The missing hikers. The adventure seekers who vanished without a trace.

But I also know what happens to people like me who don’t take the leap—we fade away slowly, accepting less and less until there’s nothing left of who we really are.

As Keith helps me check my supplies one last time, he glances up at the mountain peak shrouded in darkness.

“Whatever’s up there,” he whispers, “I hope it’s worth it.”

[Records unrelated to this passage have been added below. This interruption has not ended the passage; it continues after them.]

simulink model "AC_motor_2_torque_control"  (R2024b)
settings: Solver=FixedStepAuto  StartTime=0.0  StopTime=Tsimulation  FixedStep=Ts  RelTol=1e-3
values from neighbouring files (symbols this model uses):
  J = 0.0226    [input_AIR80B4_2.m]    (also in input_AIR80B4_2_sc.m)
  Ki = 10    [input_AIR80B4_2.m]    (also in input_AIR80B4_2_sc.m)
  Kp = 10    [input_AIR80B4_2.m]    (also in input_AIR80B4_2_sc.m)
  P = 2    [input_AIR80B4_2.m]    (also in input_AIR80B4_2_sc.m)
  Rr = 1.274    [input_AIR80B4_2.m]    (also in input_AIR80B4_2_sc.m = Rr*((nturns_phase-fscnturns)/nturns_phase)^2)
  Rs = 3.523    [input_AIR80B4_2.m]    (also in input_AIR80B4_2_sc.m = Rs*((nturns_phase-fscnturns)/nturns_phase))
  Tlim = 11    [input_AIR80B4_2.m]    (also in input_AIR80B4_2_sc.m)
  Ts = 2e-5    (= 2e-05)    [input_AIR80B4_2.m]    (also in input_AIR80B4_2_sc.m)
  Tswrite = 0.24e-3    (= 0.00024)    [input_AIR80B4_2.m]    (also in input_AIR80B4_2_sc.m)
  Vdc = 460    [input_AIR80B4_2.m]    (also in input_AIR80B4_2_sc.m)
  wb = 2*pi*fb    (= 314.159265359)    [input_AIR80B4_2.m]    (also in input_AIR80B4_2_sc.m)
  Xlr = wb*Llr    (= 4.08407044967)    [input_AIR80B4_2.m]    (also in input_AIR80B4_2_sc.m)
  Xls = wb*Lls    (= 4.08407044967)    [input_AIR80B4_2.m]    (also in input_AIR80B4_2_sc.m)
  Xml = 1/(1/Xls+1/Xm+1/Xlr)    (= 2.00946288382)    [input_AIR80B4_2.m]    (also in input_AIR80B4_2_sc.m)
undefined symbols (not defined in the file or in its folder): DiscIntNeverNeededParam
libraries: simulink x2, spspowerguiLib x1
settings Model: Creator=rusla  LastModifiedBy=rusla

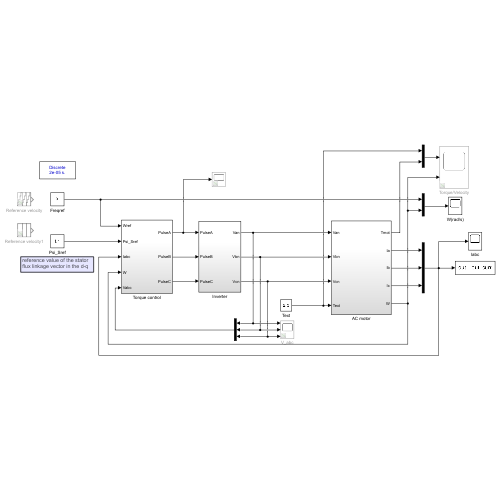
[thumbnail: Simulink's stored preview of the top-level diagram]
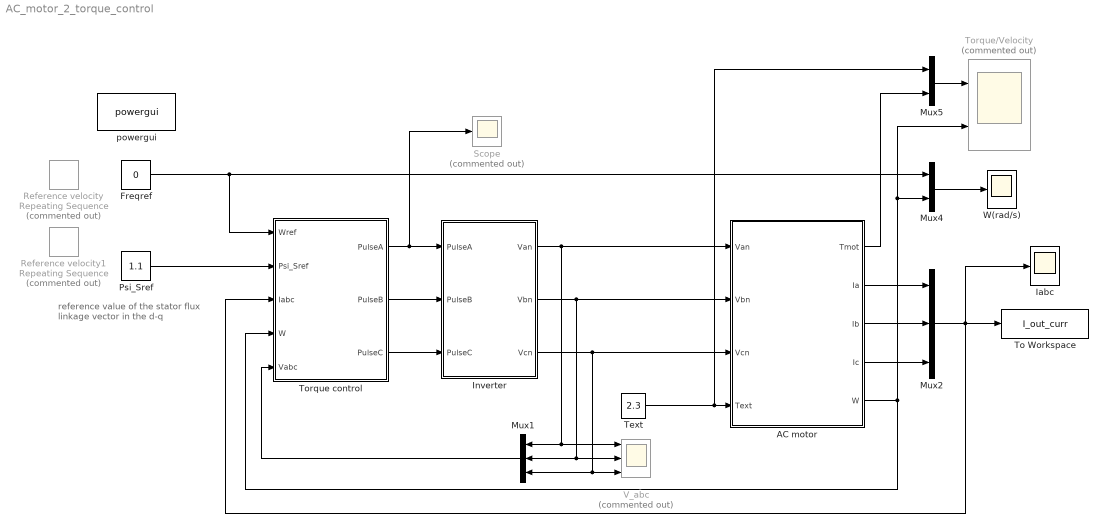
== system AC_motor_2_torque_control ==
  note: reference value of the stator
      | flux linkage vector in the d-q
  AC motor : Subsystem
  Freqref : Constant  Value=0
  Iabc : Scope
  Inverter : Subsystem
  Mux1 : Mux  Inputs=3
  Mux2 : Mux  Inputs=3
  Mux4 : Mux  Inputs=2
  Mux5 : Mux  Inputs=2
  Psi_Sref : Constant  Value=1.1
  Reference velocity : simulink/Sources/Repeating Sequence  Commented=on  rep_seq_t=[0 0.1 0.11 4 4.1 8 8.1 12 12.1 16]  rep_seq_y=[0 0 10 10 20 20 30 30 40 40]
  Reference velocity1 : simulink/Sources/Repeating Sequence  Commented=on  rep_seq_t=[0 0.1 0.11 10]  rep_seq_y=[0 0 2e-4 2e-4]
  Scope : Scope  Commented=on
  Text : Constant  Value=2.3
  To Workspace : ToWorkspace  VariableName=I_out_curr  SaveFormat=Structure With Time  SampleTime=Tswrite
  Torque control : Subsystem
  Torque/Velocity : Scope  Commented=on  NumInputPorts=2
  V_abc : Scope  Commented=on  NumInputPorts=3
  W(rad/s) : Scope
  powergui : spspowerguiLib/powergui  Priority=1  SimulationMode=Discrete  SampleTime=Ts  frequency=60  Iterations=50  frequencyindice=60  Pbase=100e6  ErrMax=1e-4  UnitsV=kV  UnitsW=MW  buscounter=0  FunctionMessages=off  echomessages=off  EnableUseOfTLC=off  CurrentSourceSwitches=off  DisableSnubberDevices=off  DisableRonSwitches=off  DisableVfSwitches=off  DisplayEquations=off  AutomaticDiscreteSolvers=off  SolverType=Tustin/Backward Euler (TBE)  Interpol=off  ExternalGateDelay=off  methode=off  Ts=100  x0status=blocks  SPID=on  SwTol=0  HookPort=off  NonlinearTolerance=1e-4  nMaxIteration=100  ContinueOnMaxIteration=off  RestoreLinks=warning  ResistiveCurrentMeasurement=off  Frange=[0:2:500]  Ylog=off  Xlog=on  ShowGrid=off  save=off  variable=ZData  structure=0  ZoomFFT=off  StartTime=0.0  cycles=1  DisplayStyle=1  fundamental=60  FreqAxis=off  MaxFrequency=1000  frequencyindicesteady=1  RmsSteady=1  display=off
  wires:
  Psi_Sref/1 -> Torque control/2(Psi_Sref)
  Freqref/1 -> Mux4/1, Torque control/1(Wref)
  Mux1/1 -> Torque control/5(Vabc)
  Inverter/1(Van) -> AC motor/1(Van), V_abc/1, Mux1/1
  Inverter/2(Vbn) -> AC motor/2(Vbn), V_abc/2, Mux1/2
  Inverter/3(Vcn) -> AC motor/3(Vcn), V_abc/3, Mux1/3
  Text/1 -> Mux5/1, AC motor/4(Text)
  Torque control/1(PulseA) -> Scope/1, Inverter/1(PulseA)
  Torque control/2(PulseB) -> Inverter/2(PulseB)
  Torque control/3(PulseC) -> Inverter/3(PulseC)
  AC motor/5(W) -> Torque control/4(W), Torque/Velocity/2, Mux4/2
  Mux2/1 -> To Workspace/1, Torque control/3(Iabc), Iabc/1
  AC motor/4(Ic) -> Mux2/3
  AC motor/3(Ib) -> Mux2/2
  AC motor/2(Ia) -> Mux2/1
  Mux4/1 -> W(rad/s)/1
  Mux5/1 -> Torque/Velocity/1
  AC motor/1(Tmot) -> Mux5/2

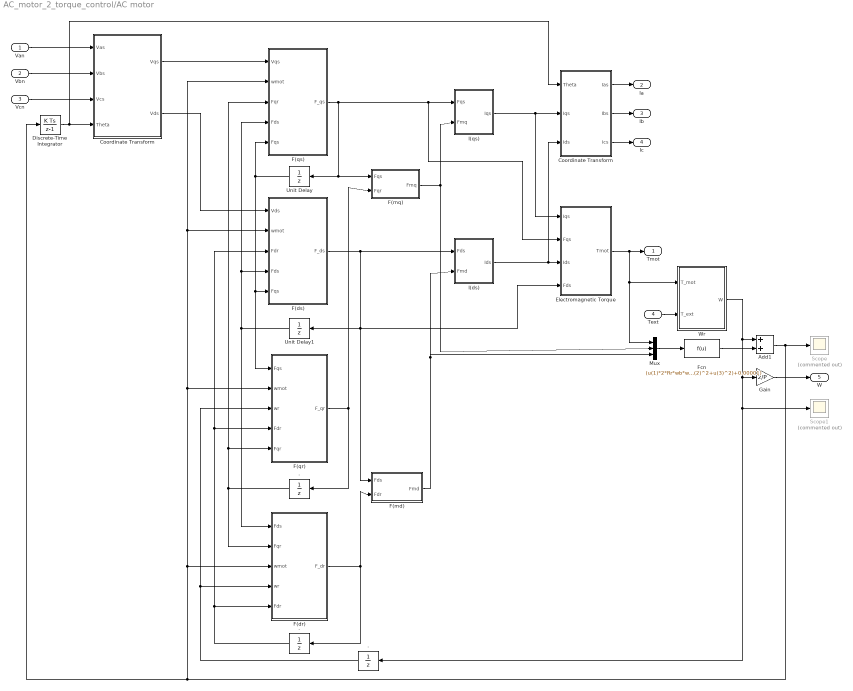
== system AC_motor_2_torque_control/AC motor ==
  Van : Inport
  Vbn : Inport  Port=2
  Vcn : Inport  Port=3
  Text : Inport  Port=4
  . : UnitDelay  SampleTime=Ts  HasFrameUpgradeWarning=on
  ". " : UnitDelay  SampleTime=Ts  HasFrameUpgradeWarning=on
  ".  " : UnitDelay  SampleTime=Ts  HasFrameUpgradeWarning=on
  Add1 : Sum
  Coordinate Transform : Subsystem
  "Coordinate Transform " : Subsystem
  Discrete-Time Integrator : DiscreteIntegrator  SampleTime=Ts  ICPrevOutput=DiscIntNeverNeededParam  ICPrevScaledInput=DiscIntNeverNeededParam
  Electromagnetic Torque : Subsystem
  F(dr) : Subsystem
  F(ds) : Subsystem
  F(md) : Subsystem
  F(mq) : Subsystem
  F(qr) : Subsystem
  F(qs) : Subsystem
  Fcn : Fcn  Expr=(u(1)*2*Rr*wb*wb)/(3*P*(u(2)^2+u(3)^2)+0.00001)
  Gain : Gain  Gain=2/P
  I(ds) : Subsystem
  I(qs) : Subsystem
  Mux : Mux  Inputs=3
  Scope : Scope  Commented=on
  Scope1 : Scope  Commented=on
  Unit Delay : UnitDelay  SampleTime=Ts  HasFrameUpgradeWarning=on
  Unit Delay1 : UnitDelay  SampleTime=Ts  HasFrameUpgradeWarning=on
  Wr : Subsystem
  Tmot : Outport
  Ia : Outport  Port=2
  Ib : Outport  Port=3
  Ic : Outport  Port=4
  W : Outport  Port=5
  wires:
  Gain/1 -> W/1
  Mux/1 -> Fcn/1
  Fcn/1 -> Add1/2
  F(md)/1(Fmd) -> I(ds)/2(Fmd), Mux/3
  ".  "/1 -> F(qr)/3(wr), F(dr)/4(wr)
  ". "/1 -> F(dr)/5(Fdr), F(qr)/4(Fdr), F(ds)/3(Fdr)
  ./1 -> F(dr)/2(Fqr), F(qs)/3(Fqr), F(qr)/5(Fqr)
  Unit Delay1/1 -> F(dr)/1(Fds), F(qs)/4(Fds), F(ds)/4(Fds)
  Unit Delay/1 -> F(qr)/1(Fqs), F(ds)/5(Fqs), F(qs)/5(Fqs)
  Add1/1 -> Scope/1, Discrete-Time Integrator/1, F(dr)/3(wmot), F(qr)/2(wmot), F(ds)/2(wmot), F(qs)/2("wmot ")
  Electromagnetic Torque/1(Tmot) -> Mux/1, Wr/1(T_mot), Tmot/1
  Text/1 -> Wr/2(T_ext)
  Discrete-Time Integrator/1 -> Coordinate Transform/1(Theta), "Coordinate Transform "/4(Theta)
  F(qs)/1(F_qs) -> Unit Delay/1, F(mq)/1(Fqs), I(qs)/1("Fqs "), Electromagnetic Torque/2(Fqs)
  F(qr)/1(F_qr) -> F(mq)/2(Fqr), ./1
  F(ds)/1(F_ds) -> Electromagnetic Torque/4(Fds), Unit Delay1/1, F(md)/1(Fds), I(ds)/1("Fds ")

I follow his gaze to where the path disappears into shadows that seem to pulse with their own life. Somewhere up there, past the point where ordinary people turn back, waits either my miracle or my death.

Maybe both.

Time is running out. My neurological condition means I have maybe another year on my feet before the wheelchair, and then only until forty if I’m lucky. This is my last chance to be more than a cautionary tale about accepting your limitations.

“It will be,” I whisper with defiant determination.

And then I continue upwards, all alone, as the path narrows and the darkness deepens.